Kohl’s Corporation (NYSE: KSS) has confirmed the release date for its Q4 2022 earnings report, which is on Tuesday, March 1, 2022, before the market opens.

What to look for: The company implemented strategic initiatives to transform it into a top destination for a casual and active lifestyle. Kohl had an impressive third quarter, with sales and margins topping expectations. When the company releases its Q4 2022 earnings, investors will be keen to see if the company maintains the momentum witnessed in the previous quarter.

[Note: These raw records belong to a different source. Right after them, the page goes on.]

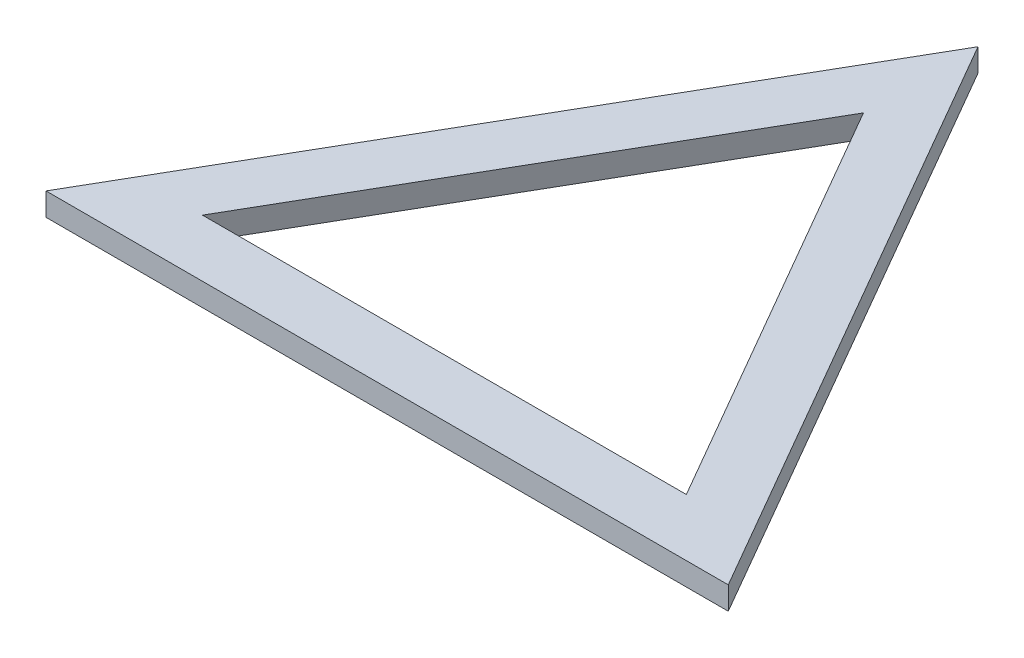
from build123d import *

# Parameters (mm, degrees)
BOSS_EXTRUDE1_DEPTH = 2


with BuildPart() as part:
    # Sketch1 → Boss-Extrude1 (new body)
    with BuildSketch(Plane(origin=(0, 0, 0), x_dir=(1, 0, 0), z_dir=(0, 1, 0))):
        Polygon((0, 0), (29.8074, 51.627931242), (59.6148, 0), align=None)
        Polygon((50.9474, 5.004125723), (8.6674, 5.004125723), (29.8074, 41.619679795), align=None, mode=Mode.SUBTRACT)
    extrude(amount=BOSS_EXTRUDE1_DEPTH)


solid = part.part
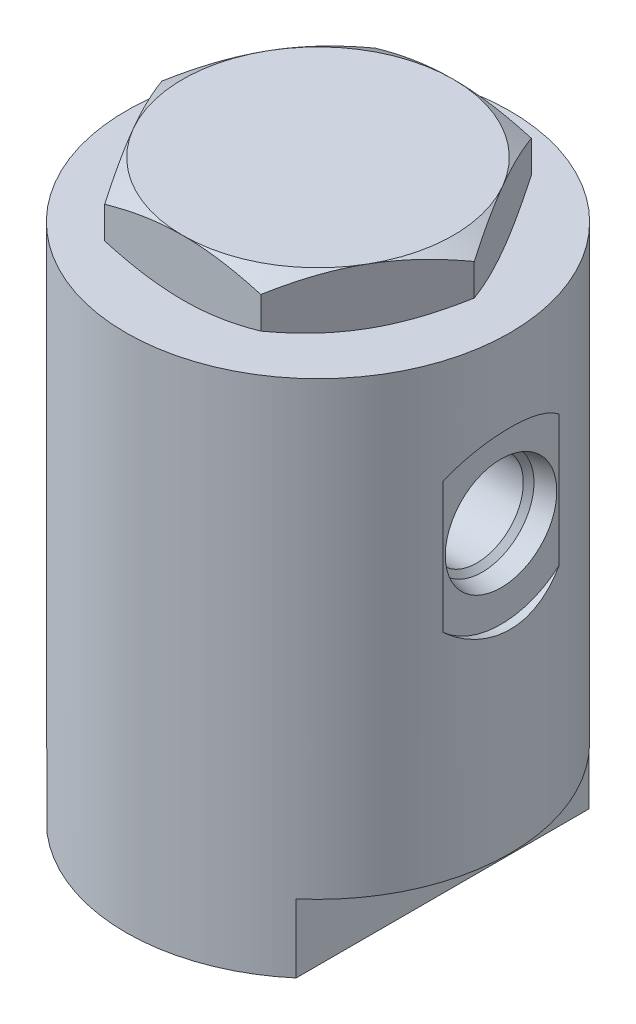
from build123d import *

# Parameters (mm, degrees)
SKETCH1_R          = 27.051
EXTRUDE1_DEPTH     = 73.152
CUT_EXTRUDE1_DEPTH = 9.652
EXTRUDE2_DEPTH     = 7.874
SKETCH7_W          = 15.875
SKETCH7_H          = 60.325


with BuildPart() as part:
    # Sketch1 → Extrude1 (new body)
    with BuildSketch(Plane(origin=(0, 0, 0), x_dir=(1, 0, 0), z_dir=(0, 1, 0))):
        with Locations(Location((0, 0, 0), (0, 0, 270))):  # turned: the seam where the file's is
            Circle(SKETCH1_R)
    extrude(amount=EXTRUDE1_DEPTH)

    # Sketch2 → Cut-Extrude1 (cut)
    with BuildSketch(Plane.XZ):
        with BuildLine():
            Line((17.526, 20.605725539), (17.526, -20.605725539))
            ThreePointArc((17.526, -20.605725539), (27.051, 0), (17.526, 20.605725539))
        make_face()
        with BuildLine():
            Line((-17.526, -20.605725539), (-17.526, 20.605725539))
            ThreePointArc((-17.526, 20.605725539), (-27.051, 0), (-17.526, -20.605725539))
        make_face()
    extrude(amount=-CUT_EXTRUDE1_DEPTH, mode=Mode.SUBTRACT)

    # S2D0007 → Cut-Revolve1 (revolve, cut)
    with BuildSketch(Plane(origin=(27.051, 49.276, 0), x_dir=(0, -1, 0), z_dir=(0, 0, 1)), mode=Mode.PRIVATE) as cut_revolve1_sk:
        Polygon((0, 0), (12.319, 0), (12.319, -1.27), (7.85495, -1.27), (7.290761118, -3.9243), (6.5405, -4.674561118), (6.5405, -16.7386), (0, -20.668528879), align=None)
    revolve(cut_revolve1_sk.sketch.rotate(Axis((-4.448190263, 49.276, 0), (1, 0, 0)), 270), axis=Axis((-4.448190263, 49.276, 0), (1, 0, 0)), mode=Mode.SUBTRACT)  # turned: the seam where the file's is

    # Sketch4 → Cut-Revolve2 (revolve, cut)
    with BuildSketch(Plane(origin=(0, 0, 0), x_dir=(-1, 0, 0), z_dir=(0, 0, 1)), mode=Mode.PRIVATE) as cut_revolve2_sk:
        Polygon((0, 0), (12.319, 0), (12.319, -0.254), (7.85495, -0.254), (7.290761118, -2.9083), (6.5405, -3.658561118), (6.5405, -15.7226), (0, -19.652528879), align=None)
    revolve(cut_revolve2_sk.sketch.rotate(Axis((0, 25.899297965, 0), (0, -1, 0)), 270), axis=Axis((0, 25.899297965, 0), (0, -1, 0)), mode=Mode.SUBTRACT)  # turned: the seam where the file's is

    # Sketch5 → Extrude2 (add)
    with BuildSketch(Plane(origin=(0, 73.152, 0), x_dir=(-1, 0, 0), z_dir=(0, 1, 0))):
        Polygon((21.997045256, 0), (10.998522628, 19.05), (-10.998522628, 19.05), (-21.997045256, 0), (-10.998522628, -19.05), (10.998522628, -19.05), align=None)
    extrude(amount=EXTRUDE2_DEPTH)

    # Sketch6 → Cut-Revolve3 (revolve, cut)
    with BuildSketch(Plane(origin=(0, 0, 0), x_dir=(0, 0, -1), z_dir=(1, 0, 0)), mode=Mode.PRIVATE) as cut_revolve3_sk:
        Polygon((19.05, 81.026), (25.869084029, 77.089), (19.05, 73.152), (31.75, 73.152), (31.75, 81.026), align=None)
    revolve(cut_revolve3_sk.sketch.rotate(Axis((0, 72.7583, 0), (0, 1, 0)), 180), axis=Axis((0, 72.7583, 0), (0, 1, 0)), mode=Mode.SUBTRACT)  # turned: the seam where the file's is

    # Sketch7 → Cut-Revolve4 (revolve, cut)
    with BuildSketch(Plane.XY, mode=Mode.PRIVATE) as cut_revolve4_sk:
        with Locations((-7.9375, 42.9895)):
            Rectangle(SKETCH7_W, SKETCH7_H)
    revolve(cut_revolve4_sk.sketch.rotate(Axis((0, 0, 0), (0, 1, 0)), 90), axis=Axis((0, 0, 0), (0, 1, 0)), mode=Mode.SUBTRACT)  # turned: the seam where the file's is


solid = part.part

Earnings: Stockearning’s Estimated EPS for fiscal Q4 2022 is expected to be around $2.31 per share, representing a YoY decline of 4.05%. The company had adjusted earnings of $1.65 per share up from earnings of a penny per share a year ago and more than doubles analysts' estimates of $0.64 per share. As a result, full-year adjusted earnings will range between $7.1 and $7.3 per share. Historical EPS Performance shows that the company has in the past 12 quarters topped estimates 27 times (75%) and missed nine times (25%).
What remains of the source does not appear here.